Start-ups, start-ups in India, food start-ups, Retail
Micro and small enterprises (MSEs) in the branded foods segment need significant improvement in capital position and talent to scale up.
Revenues in the packaged foods industry are estimated at Rs 1.3 trillion and are highly fragmented, given the diversity in cuisine and flavours across regions.
The sector is expected to log a compound annual growth rate (CAGR) of 15-18 per cent in the next three years, spurred by rising disposable incomes, urbanisation and an increase in the population of working women.
That is a material opportunity for branded foods, which account for two-thirds of the packaged foods market.

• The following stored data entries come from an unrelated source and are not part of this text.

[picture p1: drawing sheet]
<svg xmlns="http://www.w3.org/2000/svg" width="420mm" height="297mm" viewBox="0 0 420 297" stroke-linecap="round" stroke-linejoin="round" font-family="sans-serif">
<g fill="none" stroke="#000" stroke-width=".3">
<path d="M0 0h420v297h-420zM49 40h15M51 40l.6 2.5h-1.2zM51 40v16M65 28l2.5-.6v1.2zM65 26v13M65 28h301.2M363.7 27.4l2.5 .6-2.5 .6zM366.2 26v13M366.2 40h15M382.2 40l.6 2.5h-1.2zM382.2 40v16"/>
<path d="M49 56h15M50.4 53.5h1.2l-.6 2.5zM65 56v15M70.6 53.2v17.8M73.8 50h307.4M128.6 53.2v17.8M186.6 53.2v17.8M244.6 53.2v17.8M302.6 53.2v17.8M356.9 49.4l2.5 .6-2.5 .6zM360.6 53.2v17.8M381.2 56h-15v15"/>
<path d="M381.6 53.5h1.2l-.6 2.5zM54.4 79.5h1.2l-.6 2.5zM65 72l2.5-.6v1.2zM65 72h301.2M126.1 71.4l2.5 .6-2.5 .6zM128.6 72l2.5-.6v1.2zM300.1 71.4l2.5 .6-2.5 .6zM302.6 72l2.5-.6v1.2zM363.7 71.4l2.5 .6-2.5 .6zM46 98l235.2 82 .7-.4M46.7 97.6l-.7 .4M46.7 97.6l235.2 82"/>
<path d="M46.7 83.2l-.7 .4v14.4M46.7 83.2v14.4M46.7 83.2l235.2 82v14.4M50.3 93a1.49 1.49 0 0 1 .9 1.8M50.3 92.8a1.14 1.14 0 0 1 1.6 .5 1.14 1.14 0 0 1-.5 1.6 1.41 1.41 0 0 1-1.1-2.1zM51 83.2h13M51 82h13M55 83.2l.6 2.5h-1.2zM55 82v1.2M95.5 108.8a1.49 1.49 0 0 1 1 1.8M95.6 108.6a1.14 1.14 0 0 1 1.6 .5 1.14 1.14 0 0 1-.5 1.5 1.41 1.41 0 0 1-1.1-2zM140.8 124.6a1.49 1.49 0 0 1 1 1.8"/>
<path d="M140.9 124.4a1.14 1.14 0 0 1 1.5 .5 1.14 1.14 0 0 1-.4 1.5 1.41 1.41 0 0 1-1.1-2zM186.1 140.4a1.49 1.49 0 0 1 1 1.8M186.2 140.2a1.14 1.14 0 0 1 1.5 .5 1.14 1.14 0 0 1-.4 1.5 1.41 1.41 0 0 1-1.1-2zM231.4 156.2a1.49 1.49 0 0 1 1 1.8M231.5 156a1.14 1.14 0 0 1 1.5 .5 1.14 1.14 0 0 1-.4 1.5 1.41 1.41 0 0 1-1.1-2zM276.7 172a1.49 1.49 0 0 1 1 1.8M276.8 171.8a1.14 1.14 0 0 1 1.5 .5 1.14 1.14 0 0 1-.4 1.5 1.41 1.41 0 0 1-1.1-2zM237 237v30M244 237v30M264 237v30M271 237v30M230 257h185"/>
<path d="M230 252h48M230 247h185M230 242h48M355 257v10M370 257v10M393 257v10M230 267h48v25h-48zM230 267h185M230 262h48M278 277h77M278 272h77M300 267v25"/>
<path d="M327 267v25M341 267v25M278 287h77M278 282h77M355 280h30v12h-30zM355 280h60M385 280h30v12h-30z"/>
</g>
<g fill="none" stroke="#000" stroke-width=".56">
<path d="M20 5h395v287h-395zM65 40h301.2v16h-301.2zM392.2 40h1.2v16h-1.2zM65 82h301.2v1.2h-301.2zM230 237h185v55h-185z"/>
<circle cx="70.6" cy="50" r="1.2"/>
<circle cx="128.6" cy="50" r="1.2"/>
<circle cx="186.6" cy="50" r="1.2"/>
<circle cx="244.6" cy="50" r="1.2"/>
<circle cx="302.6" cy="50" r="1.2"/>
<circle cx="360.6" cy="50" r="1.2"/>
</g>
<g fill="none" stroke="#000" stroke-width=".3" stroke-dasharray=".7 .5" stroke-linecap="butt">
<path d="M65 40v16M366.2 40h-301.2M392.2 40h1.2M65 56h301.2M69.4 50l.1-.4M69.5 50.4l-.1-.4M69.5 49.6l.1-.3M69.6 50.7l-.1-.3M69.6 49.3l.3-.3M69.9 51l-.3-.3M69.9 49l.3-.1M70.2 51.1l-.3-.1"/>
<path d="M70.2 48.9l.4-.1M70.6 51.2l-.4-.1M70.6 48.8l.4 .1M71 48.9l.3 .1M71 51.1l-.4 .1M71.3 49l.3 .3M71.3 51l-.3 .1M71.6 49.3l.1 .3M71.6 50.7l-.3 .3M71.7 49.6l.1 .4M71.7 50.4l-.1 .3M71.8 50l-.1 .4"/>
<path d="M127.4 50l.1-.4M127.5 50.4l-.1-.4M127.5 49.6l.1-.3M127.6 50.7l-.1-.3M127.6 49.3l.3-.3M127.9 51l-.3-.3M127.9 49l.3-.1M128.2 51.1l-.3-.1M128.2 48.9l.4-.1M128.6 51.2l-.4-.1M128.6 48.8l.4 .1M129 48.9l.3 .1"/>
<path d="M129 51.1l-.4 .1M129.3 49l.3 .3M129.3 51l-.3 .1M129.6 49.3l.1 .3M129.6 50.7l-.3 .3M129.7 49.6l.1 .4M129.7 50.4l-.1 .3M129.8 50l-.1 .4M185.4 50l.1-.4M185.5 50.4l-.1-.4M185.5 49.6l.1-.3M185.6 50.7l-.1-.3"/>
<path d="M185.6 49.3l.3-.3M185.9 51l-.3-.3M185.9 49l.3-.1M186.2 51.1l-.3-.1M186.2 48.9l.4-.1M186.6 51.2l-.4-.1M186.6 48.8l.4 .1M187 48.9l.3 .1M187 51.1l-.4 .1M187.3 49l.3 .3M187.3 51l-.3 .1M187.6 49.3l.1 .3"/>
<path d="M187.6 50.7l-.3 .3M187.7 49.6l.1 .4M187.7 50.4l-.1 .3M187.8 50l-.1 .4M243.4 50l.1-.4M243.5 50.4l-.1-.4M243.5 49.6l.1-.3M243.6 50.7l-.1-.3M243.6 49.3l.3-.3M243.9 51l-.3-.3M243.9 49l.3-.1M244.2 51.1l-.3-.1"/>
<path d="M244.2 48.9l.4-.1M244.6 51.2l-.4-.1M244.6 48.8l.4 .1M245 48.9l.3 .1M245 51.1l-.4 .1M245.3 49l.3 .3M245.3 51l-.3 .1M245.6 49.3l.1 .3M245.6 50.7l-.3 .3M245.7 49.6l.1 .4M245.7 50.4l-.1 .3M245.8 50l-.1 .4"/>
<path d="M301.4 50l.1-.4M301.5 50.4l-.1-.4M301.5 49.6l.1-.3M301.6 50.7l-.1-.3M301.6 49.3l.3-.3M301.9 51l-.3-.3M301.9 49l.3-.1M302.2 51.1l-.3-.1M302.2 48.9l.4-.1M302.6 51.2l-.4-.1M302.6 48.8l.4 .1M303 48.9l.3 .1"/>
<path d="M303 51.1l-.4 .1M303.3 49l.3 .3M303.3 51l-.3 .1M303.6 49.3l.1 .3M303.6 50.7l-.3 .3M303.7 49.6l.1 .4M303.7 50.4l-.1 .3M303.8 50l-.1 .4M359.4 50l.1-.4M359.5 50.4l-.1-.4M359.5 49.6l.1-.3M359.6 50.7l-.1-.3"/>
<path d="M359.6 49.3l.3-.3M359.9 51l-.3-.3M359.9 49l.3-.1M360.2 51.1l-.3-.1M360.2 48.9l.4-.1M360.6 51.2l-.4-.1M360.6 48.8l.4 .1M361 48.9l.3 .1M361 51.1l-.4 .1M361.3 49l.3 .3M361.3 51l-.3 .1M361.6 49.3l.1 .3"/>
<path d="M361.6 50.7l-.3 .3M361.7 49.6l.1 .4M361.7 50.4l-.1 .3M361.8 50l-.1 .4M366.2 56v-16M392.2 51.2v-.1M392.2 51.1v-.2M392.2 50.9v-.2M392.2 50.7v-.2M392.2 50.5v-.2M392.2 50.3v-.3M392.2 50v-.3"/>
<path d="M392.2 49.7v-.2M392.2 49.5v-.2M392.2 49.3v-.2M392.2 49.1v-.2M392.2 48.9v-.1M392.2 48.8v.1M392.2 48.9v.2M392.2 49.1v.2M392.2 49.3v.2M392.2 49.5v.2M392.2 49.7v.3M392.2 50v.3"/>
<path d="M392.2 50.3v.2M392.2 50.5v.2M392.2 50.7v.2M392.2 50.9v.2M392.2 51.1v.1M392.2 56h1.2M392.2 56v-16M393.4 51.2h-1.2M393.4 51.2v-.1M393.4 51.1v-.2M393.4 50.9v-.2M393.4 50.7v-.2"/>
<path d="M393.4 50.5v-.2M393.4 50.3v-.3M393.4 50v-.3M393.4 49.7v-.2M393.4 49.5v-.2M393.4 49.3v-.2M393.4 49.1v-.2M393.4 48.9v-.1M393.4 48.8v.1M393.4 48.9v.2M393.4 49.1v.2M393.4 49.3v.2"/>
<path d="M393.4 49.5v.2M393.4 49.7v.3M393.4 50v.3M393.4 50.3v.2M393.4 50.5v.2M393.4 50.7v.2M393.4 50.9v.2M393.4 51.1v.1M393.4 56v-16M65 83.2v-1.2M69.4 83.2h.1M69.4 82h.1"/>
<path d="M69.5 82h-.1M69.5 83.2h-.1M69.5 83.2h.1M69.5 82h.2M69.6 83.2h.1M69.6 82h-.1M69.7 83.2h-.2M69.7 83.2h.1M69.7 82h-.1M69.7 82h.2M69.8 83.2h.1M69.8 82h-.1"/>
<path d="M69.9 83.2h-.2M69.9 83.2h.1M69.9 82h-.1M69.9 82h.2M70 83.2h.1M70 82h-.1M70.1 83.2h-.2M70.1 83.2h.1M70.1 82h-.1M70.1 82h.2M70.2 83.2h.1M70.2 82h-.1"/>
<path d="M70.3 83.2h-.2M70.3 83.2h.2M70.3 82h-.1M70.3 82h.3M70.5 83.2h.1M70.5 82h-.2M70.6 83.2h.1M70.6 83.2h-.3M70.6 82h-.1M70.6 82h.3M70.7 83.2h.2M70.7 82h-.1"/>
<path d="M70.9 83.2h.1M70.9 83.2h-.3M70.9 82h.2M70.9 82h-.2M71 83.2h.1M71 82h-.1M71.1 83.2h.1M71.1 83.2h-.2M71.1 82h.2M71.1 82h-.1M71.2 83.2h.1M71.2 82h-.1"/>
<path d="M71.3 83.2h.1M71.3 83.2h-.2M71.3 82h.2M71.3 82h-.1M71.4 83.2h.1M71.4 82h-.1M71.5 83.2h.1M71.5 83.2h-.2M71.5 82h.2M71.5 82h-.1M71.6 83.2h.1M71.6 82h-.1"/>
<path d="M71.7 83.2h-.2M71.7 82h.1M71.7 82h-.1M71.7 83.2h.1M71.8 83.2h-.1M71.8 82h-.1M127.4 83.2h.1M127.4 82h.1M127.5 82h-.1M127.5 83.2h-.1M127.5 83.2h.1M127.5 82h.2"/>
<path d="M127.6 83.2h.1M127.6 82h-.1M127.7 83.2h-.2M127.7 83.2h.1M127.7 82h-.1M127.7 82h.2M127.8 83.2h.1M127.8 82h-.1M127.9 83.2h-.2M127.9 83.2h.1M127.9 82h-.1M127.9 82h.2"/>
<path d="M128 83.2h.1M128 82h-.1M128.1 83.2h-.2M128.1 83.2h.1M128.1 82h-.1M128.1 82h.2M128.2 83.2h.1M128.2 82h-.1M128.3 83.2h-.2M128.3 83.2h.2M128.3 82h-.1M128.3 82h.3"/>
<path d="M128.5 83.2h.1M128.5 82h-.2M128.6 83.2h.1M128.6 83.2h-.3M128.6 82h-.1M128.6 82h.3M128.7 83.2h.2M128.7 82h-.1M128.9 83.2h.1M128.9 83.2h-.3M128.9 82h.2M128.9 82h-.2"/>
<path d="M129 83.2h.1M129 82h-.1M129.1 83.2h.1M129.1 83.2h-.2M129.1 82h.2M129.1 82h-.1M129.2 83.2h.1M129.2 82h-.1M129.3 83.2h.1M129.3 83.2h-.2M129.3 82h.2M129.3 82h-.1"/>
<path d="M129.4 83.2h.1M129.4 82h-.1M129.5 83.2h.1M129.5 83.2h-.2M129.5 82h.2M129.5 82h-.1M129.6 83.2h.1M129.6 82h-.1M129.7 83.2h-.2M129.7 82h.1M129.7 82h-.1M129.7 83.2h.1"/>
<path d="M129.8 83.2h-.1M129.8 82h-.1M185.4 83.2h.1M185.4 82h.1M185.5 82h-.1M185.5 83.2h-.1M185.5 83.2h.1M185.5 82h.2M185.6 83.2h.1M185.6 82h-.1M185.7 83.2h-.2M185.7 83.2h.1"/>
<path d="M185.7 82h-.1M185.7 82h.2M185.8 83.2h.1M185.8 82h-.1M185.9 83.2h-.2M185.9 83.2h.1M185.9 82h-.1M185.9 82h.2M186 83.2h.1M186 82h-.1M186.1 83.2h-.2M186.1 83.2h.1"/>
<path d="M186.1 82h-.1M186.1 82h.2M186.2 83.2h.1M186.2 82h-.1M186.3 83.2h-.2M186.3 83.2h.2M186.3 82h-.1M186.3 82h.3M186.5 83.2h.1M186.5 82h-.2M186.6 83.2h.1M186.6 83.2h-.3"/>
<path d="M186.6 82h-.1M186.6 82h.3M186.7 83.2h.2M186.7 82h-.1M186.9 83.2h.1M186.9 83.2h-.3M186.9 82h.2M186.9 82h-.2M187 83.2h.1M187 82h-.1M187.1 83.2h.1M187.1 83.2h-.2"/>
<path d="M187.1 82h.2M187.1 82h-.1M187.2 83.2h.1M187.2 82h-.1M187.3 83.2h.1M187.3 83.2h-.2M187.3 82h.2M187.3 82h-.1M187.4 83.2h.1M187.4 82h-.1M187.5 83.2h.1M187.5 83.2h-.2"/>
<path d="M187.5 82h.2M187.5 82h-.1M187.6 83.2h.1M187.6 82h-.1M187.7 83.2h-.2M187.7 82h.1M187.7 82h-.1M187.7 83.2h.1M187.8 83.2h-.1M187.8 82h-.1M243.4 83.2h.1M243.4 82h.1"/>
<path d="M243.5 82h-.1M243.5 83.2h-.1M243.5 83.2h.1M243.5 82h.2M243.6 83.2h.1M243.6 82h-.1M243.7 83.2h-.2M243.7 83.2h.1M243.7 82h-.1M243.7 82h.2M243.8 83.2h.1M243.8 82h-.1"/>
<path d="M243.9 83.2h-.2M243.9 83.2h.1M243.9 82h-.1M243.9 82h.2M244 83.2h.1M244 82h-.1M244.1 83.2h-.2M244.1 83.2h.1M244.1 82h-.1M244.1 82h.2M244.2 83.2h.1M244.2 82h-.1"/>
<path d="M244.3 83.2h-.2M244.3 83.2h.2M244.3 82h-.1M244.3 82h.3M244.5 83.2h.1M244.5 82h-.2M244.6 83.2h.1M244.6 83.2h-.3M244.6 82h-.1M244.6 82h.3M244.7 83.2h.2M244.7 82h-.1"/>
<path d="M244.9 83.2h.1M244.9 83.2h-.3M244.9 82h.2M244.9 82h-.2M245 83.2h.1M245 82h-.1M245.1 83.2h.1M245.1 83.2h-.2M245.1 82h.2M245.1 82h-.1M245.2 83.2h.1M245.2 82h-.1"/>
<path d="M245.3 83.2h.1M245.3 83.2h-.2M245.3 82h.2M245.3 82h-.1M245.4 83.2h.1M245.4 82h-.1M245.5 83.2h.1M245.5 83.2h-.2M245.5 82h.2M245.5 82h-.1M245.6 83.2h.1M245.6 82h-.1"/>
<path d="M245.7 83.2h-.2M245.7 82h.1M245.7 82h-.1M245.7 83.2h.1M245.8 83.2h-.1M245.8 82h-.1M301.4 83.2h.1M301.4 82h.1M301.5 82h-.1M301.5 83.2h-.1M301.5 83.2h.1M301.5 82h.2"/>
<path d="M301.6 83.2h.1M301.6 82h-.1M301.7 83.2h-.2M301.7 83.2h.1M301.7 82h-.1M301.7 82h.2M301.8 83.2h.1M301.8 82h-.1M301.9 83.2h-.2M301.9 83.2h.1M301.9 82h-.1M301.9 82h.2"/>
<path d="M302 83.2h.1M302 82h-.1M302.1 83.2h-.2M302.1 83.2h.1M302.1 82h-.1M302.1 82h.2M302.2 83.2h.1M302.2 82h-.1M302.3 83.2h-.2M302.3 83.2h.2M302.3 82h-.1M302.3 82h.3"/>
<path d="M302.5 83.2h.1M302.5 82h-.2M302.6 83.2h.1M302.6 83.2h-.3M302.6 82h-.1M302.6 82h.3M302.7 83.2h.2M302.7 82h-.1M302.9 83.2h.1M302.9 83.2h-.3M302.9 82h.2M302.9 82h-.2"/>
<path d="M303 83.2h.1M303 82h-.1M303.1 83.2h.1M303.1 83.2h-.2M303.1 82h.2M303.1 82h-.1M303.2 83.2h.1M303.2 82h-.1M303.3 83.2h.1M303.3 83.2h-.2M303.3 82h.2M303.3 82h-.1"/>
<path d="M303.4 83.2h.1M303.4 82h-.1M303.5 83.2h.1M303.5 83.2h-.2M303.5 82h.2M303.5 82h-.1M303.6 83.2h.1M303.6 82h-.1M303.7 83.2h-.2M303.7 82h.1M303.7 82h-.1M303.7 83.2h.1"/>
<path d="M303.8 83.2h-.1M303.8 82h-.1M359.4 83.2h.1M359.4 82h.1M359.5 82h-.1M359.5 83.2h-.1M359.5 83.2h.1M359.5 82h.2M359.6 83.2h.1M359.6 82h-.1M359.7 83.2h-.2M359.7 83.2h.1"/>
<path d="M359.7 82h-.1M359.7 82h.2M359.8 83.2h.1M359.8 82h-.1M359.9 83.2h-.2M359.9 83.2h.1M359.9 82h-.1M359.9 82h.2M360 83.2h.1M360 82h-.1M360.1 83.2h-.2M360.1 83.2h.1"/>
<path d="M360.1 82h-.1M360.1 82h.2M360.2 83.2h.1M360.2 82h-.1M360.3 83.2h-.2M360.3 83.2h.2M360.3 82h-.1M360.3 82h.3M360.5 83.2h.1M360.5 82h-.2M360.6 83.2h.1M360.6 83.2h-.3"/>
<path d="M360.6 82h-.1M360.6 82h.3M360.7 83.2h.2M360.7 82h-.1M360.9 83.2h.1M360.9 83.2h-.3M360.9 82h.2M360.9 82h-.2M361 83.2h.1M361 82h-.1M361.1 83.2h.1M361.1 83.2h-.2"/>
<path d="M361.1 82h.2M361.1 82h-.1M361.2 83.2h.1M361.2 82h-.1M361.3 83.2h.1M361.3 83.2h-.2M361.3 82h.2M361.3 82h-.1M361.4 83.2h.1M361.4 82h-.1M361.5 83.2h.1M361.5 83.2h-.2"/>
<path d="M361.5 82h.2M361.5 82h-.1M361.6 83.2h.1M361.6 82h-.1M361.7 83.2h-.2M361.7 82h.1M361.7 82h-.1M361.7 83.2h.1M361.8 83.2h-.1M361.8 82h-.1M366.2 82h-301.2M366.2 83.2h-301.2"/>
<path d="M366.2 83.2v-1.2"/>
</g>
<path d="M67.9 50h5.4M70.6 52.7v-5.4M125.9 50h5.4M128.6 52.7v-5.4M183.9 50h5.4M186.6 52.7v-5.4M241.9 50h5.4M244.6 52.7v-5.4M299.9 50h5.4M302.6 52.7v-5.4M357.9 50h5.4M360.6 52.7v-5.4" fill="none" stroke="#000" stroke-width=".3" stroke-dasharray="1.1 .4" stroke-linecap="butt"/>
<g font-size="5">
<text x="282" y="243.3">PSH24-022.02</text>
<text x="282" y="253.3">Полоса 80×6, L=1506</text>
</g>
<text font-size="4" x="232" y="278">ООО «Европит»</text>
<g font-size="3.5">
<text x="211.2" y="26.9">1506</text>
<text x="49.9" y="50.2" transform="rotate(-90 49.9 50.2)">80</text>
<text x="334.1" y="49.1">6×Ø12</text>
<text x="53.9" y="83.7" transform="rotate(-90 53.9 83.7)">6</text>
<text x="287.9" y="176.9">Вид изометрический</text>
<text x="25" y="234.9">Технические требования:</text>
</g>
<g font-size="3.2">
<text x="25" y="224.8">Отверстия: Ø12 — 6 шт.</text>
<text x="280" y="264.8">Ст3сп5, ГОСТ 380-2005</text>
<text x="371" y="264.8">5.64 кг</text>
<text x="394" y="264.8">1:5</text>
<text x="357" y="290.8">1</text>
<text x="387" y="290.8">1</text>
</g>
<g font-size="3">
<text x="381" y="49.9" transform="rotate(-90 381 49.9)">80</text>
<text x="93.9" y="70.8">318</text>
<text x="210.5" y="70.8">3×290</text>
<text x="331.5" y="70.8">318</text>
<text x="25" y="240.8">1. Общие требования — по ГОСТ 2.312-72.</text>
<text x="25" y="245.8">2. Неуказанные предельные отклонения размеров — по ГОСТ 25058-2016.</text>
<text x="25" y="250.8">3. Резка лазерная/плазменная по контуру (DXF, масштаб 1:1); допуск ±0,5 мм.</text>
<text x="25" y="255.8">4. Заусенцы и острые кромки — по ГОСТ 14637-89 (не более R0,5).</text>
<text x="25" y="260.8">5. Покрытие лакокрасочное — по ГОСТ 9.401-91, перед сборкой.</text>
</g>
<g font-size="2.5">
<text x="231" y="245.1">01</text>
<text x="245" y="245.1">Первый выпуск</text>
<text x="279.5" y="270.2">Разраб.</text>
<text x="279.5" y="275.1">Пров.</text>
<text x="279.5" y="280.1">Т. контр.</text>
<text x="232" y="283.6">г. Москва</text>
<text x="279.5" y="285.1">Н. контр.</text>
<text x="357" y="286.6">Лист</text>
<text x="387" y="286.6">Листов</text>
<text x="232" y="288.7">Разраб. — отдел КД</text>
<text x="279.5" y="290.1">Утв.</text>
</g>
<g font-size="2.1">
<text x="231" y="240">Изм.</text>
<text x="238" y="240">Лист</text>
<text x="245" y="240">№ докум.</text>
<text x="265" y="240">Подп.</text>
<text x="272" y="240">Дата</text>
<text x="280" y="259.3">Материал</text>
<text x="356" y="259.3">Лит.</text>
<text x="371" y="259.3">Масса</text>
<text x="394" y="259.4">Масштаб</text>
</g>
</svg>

CRISIL’s analysis of over 150 rated MSEs in the branded foods segment shows that many have created strong local brands by catering to local tastes while maintaining good hygiene and quality. Some of them started as cottage industries, making pickles, bakery products and ready-to-eat snacks, but now have an annual sales turnover of over Rs 100 million.
However, their ability to scale up into big players remains limited.
Over three-fourths of those analysed are family-managed. Tussles over management
control often lead to reluctance to contribute capital (internal or external), let alone professional management.
It also curbs investment in quality control in times of ever-tightening food safety and audit norms.
Given this, the operating profit margin of these MSEs between fiscals 2015 and 2017 was in the range of 7-9 per cent, compared with over 15 per cent for established large players.
“These MSEs need capital and professional management
on priority, to improve product and packaging, and build distribution channels,” said T Raj Sekhar, Director, CRISIL SME Ratings. “Entrepreneurial success stories in bhujia, beverages, biscuits and papad, built by developing strong pan-India brands in the past decade, are worth emulating.”